**WHAT TO DO**
A faithful copy of all the records is needed, with the pictures omitted.

[Dataset excerpts]
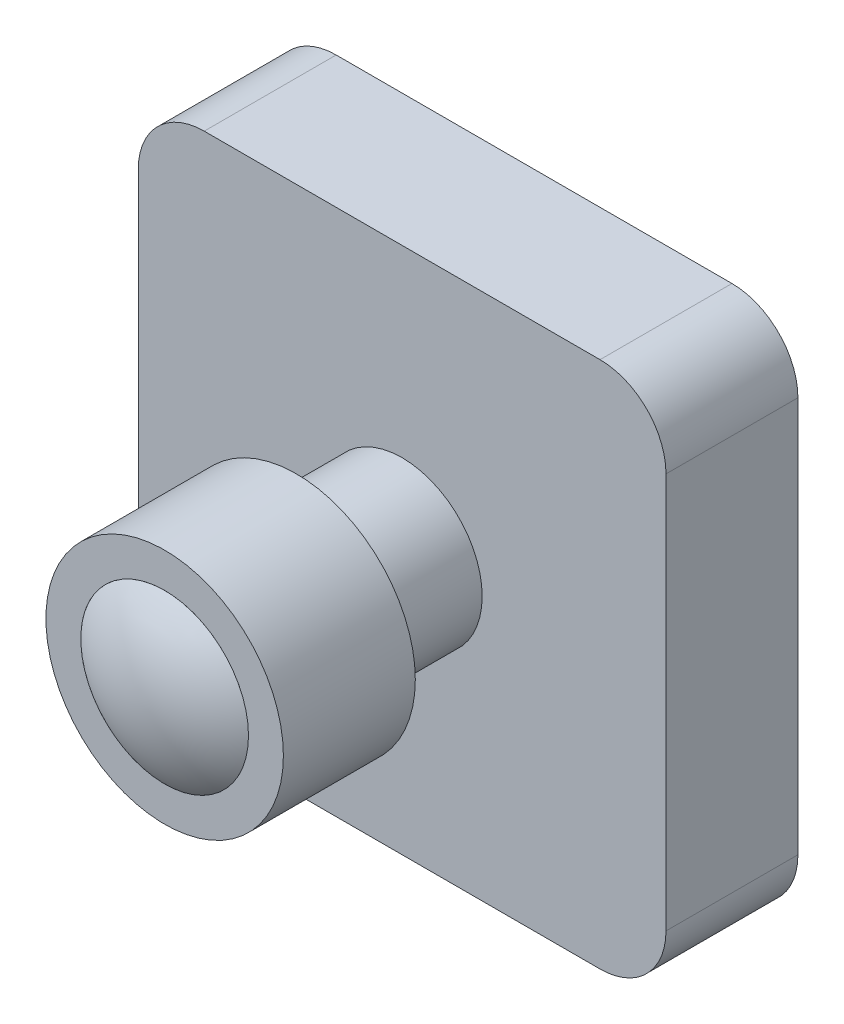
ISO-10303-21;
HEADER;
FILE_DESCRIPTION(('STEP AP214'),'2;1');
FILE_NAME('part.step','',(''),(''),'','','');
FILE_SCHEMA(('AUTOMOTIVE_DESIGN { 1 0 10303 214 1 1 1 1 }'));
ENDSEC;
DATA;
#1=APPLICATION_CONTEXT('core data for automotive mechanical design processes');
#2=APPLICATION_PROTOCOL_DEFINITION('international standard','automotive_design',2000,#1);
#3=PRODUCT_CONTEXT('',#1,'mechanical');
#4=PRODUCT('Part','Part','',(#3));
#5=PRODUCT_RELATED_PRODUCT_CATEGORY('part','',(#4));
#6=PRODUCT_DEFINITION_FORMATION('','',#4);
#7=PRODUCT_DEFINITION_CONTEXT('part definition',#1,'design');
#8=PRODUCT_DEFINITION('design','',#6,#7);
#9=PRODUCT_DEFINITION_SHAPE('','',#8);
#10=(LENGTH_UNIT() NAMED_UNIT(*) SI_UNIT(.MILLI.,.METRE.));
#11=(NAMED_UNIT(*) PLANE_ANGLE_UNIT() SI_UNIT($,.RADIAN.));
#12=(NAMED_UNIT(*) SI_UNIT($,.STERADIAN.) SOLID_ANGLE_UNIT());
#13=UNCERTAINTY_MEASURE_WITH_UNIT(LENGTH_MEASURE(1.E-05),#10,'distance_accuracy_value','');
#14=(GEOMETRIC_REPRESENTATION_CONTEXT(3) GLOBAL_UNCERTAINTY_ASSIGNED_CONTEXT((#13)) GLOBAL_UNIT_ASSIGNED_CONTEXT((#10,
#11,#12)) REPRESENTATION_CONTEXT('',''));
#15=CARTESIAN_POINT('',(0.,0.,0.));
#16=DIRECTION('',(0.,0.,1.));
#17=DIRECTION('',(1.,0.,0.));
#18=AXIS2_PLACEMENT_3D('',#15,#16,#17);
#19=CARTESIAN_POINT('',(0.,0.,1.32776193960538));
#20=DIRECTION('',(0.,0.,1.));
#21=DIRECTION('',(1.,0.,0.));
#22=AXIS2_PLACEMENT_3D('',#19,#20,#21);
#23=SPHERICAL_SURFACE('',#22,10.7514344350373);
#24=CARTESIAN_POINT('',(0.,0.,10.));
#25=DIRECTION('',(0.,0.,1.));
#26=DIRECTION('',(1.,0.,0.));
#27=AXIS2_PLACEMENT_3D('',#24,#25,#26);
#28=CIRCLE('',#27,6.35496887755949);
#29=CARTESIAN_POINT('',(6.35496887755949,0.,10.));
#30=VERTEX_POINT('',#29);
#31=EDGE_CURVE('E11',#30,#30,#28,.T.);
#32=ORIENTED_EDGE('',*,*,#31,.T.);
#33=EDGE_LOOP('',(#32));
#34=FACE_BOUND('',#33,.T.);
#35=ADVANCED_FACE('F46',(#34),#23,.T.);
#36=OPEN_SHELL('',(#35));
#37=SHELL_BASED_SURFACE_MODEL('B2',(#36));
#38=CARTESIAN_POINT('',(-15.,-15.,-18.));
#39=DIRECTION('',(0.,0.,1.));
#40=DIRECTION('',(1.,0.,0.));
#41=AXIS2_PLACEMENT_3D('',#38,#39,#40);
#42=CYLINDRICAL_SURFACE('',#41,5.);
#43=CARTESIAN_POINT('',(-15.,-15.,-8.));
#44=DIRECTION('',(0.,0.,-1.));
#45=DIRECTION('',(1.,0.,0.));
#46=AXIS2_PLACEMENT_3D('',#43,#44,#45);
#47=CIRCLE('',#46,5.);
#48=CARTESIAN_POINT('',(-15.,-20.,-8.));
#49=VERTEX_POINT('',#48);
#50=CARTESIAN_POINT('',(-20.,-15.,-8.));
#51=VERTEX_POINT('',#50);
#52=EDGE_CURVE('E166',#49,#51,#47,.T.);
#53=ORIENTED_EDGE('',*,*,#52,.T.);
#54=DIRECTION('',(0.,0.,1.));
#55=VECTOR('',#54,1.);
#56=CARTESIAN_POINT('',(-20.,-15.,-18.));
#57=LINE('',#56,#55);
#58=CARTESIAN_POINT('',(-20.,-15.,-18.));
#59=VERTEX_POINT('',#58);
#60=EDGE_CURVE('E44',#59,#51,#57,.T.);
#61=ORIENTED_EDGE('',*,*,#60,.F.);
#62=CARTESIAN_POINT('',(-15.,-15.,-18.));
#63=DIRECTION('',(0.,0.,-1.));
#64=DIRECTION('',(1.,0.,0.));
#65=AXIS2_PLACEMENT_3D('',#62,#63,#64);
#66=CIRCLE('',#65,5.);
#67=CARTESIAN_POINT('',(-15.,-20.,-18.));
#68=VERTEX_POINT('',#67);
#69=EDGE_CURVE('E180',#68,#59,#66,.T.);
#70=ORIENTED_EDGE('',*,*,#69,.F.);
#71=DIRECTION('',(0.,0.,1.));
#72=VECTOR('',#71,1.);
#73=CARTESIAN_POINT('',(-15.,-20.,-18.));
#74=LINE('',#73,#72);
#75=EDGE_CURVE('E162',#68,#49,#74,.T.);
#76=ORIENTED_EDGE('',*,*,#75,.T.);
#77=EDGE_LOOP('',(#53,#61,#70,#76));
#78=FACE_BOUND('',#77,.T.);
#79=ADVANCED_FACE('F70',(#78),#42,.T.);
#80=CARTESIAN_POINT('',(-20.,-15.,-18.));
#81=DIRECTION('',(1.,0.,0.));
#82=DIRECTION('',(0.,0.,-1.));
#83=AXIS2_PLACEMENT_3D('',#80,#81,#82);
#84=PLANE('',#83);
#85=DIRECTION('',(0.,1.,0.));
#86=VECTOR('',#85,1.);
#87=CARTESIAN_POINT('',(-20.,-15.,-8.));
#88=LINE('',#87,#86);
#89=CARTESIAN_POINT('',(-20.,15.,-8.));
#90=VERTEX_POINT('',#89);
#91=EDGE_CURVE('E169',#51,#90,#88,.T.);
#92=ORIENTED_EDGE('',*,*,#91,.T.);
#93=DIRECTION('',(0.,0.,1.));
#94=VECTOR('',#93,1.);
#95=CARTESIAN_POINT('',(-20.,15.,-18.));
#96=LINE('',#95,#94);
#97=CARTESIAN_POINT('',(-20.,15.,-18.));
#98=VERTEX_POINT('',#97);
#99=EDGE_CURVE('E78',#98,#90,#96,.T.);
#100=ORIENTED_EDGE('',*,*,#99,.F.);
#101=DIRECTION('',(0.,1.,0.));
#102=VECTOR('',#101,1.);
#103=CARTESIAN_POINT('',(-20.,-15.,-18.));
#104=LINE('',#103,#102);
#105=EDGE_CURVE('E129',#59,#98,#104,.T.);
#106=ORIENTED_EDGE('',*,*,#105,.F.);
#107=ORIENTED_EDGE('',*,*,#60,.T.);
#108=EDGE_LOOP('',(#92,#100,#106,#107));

**OUTPUT FOR THIS EXERCISE**
ISO-10303-21;
HEADER;
FILE_DESCRIPTION(('STEP AP214'),'2;1');
FILE_NAME('part.step','',(''),(''),'','','');
FILE_SCHEMA(('AUTOMOTIVE_DESIGN { 1 0 10303 214 1 1 1 1 }'));
ENDSEC;
DATA;
#1=APPLICATION_CONTEXT('core data for automotive mechanical design processes');
#2=APPLICATION_PROTOCOL_DEFINITION('international standard','automotive_design',2000,#1);
#3=PRODUCT_CONTEXT('',#1,'mechanical');
#4=PRODUCT('Part','Part','',(#3));
#5=PRODUCT_RELATED_PRODUCT_CATEGORY('part','',(#4));
#6=PRODUCT_DEFINITION_FORMATION('','',#4);
#7=PRODUCT_DEFINITION_CONTEXT('part definition',#1,'design');
#8=PRODUCT_DEFINITION('design','',#6,#7);
#9=PRODUCT_DEFINITION_SHAPE('','',#8);
#10=(LENGTH_UNIT() NAMED_UNIT(*) SI_UNIT(.MILLI.,.METRE.));
#11=(NAMED_UNIT(*) PLANE_ANGLE_UNIT() SI_UNIT($,.RADIAN.));
#12=(NAMED_UNIT(*) SI_UNIT($,.STERADIAN.) SOLID_ANGLE_UNIT());
#13=UNCERTAINTY_MEASURE_WITH_UNIT(LENGTH_MEASURE(1.E-05),#10,'distance_accuracy_value','');
#14=(GEOMETRIC_REPRESENTATION_CONTEXT(3) GLOBAL_UNCERTAINTY_ASSIGNED_CONTEXT((#13)) GLOBAL_UNIT_ASSIGNED_CONTEXT((#10,
#11,#12)) REPRESENTATION_CONTEXT('',''));
#15=CARTESIAN_POINT('',(0.,0.,0.));
#16=DIRECTION('',(0.,0.,1.));
#17=DIRECTION('',(1.,0.,0.));
#18=AXIS2_PLACEMENT_3D('',#15,#16,#17);
#19=CARTESIAN_POINT('',(0.,0.,1.32776193960538));
#20=DIRECTION('',(0.,0.,1.));
#21=DIRECTION('',(1.,0.,0.));
#22=AXIS2_PLACEMENT_3D('',#19,#20,#21);
#23=SPHERICAL_SURFACE('',#22,10.7514344350373);
#24=CARTESIAN_POINT('',(0.,0.,10.));
#25=DIRECTION('',(0.,0.,1.));
#26=DIRECTION('',(1.,0.,0.));
#27=AXIS2_PLACEMENT_3D('',#24,#25,#26);
#28=CIRCLE('',#27,6.35496887755949);
#29=CARTESIAN_POINT('',(6.35496887755949,0.,10.));
#30=VERTEX_POINT('',#29);
#31=EDGE_CURVE('E11',#30,#30,#28,.T.);
#32=ORIENTED_EDGE('',*,*,#31,.T.);
#33=EDGE_LOOP('',(#32));
#34=FACE_BOUND('',#33,.T.);
#35=ADVANCED_FACE('F46',(#34),#23,.T.);
#36=OPEN_SHELL('',(#35));
#37=SHELL_BASED_SURFACE_MODEL('B2',(#36));
#38=CARTESIAN_POINT('',(-15.,-15.,-18.));
#39=DIRECTION('',(0.,0.,1.));
#40=DIRECTION('',(1.,0.,0.));
#41=AXIS2_PLACEMENT_3D('',#38,#39,#40);
#42=CYLINDRICAL_SURFACE('',#41,5.);
#43=CARTESIAN_POINT('',(-15.,-15.,-8.));
#44=DIRECTION('',(0.,0.,-1.));
#45=DIRECTION('',(1.,0.,0.));
#46=AXIS2_PLACEMENT_3D('',#43,#44,#45);
#47=CIRCLE('',#46,5.);
#48=CARTESIAN_POINT('',(-15.,-20.,-8.));
#49=VERTEX_POINT('',#48);
#50=CARTESIAN_POINT('',(-20.,-15.,-8.));
#51=VERTEX_POINT('',#50);
#52=EDGE_CURVE('E166',#49,#51,#47,.T.);
#53=ORIENTED_EDGE('',*,*,#52,.T.);
#54=DIRECTION('',(0.,0.,1.));
#55=VECTOR('',#54,1.);
#56=CARTESIAN_POINT('',(-20.,-15.,-18.));
#57=LINE('',#56,#55);
#58=CARTESIAN_POINT('',(-20.,-15.,-18.));
#59=VERTEX_POINT('',#58);
#60=EDGE_CURVE('E44',#59,#51,#57,.T.);
#61=ORIENTED_EDGE('',*,*,#60,.F.);
#62=CARTESIAN_POINT('',(-15.,-15.,-18.));
#63=DIRECTION('',(0.,0.,-1.));
#64=DIRECTION('',(1.,0.,0.));
#65=AXIS2_PLACEMENT_3D('',#62,#63,#64);
#66=CIRCLE('',#65,5.);
#67=CARTESIAN_POINT('',(-15.,-20.,-18.));
#68=VERTEX_POINT('',#67);
#69=EDGE_CURVE('E180',#68,#59,#66,.T.);
#70=ORIENTED_EDGE('',*,*,#69,.F.);
#71=DIRECTION('',(0.,0.,1.));
#72=VECTOR('',#71,1.);
#73=CARTESIAN_POINT('',(-15.,-20.,-18.));
#74=LINE('',#73,#72);
#75=EDGE_CURVE('E162',#68,#49,#74,.T.);
#76=ORIENTED_EDGE('',*,*,#75,.T.);
#77=EDGE_LOOP('',(#53,#61,#70,#76));
#78=FACE_BOUND('',#77,.T.);
#79=ADVANCED_FACE('F70',(#78),#42,.T.);
#80=CARTESIAN_POINT('',(-20.,-15.,-18.));
#81=DIRECTION('',(1.,0.,0.));
#82=DIRECTION('',(0.,0.,-1.));
#83=AXIS2_PLACEMENT_3D('',#80,#81,#82);
#84=PLANE('',#83);
#85=DIRECTION('',(0.,1.,0.));
#86=VECTOR('',#85,1.);
#87=CARTESIAN_POINT('',(-20.,-15.,-8.));
#88=LINE('',#87,#86);
#89=CARTESIAN_POINT('',(-20.,15.,-8.));
#90=VERTEX_POINT('',#89);
#91=EDGE_CURVE('E169',#51,#90,#88,.T.);
#92=ORIENTED_EDGE('',*,*,#91,.T.);
#93=DIRECTION('',(0.,0.,1.));
#94=VECTOR('',#93,1.);
#95=CARTESIAN_POINT('',(-20.,15.,-18.));
#96=LINE('',#95,#94);
#97=CARTESIAN_POINT('',(-20.,15.,-18.));
#98=VERTEX_POINT('',#97);
#99=EDGE_CURVE('E78',#98,#90,#96,.T.);
#100=ORIENTED_EDGE('',*,*,#99,.F.);
#101=DIRECTION('',(0.,1.,0.));
#102=VECTOR('',#101,1.);
#103=CARTESIAN_POINT('',(-20.,-15.,-18.));
#104=LINE('',#103,#102);
#105=EDGE_CURVE('E129',#59,#98,#104,.T.);
#106=ORIENTED_EDGE('',*,*,#105,.F.);
#107=ORIENTED_EDGE('',*,*,#60,.T.);
#108=EDGE_LOOP('',(#92,#100,#106,#107));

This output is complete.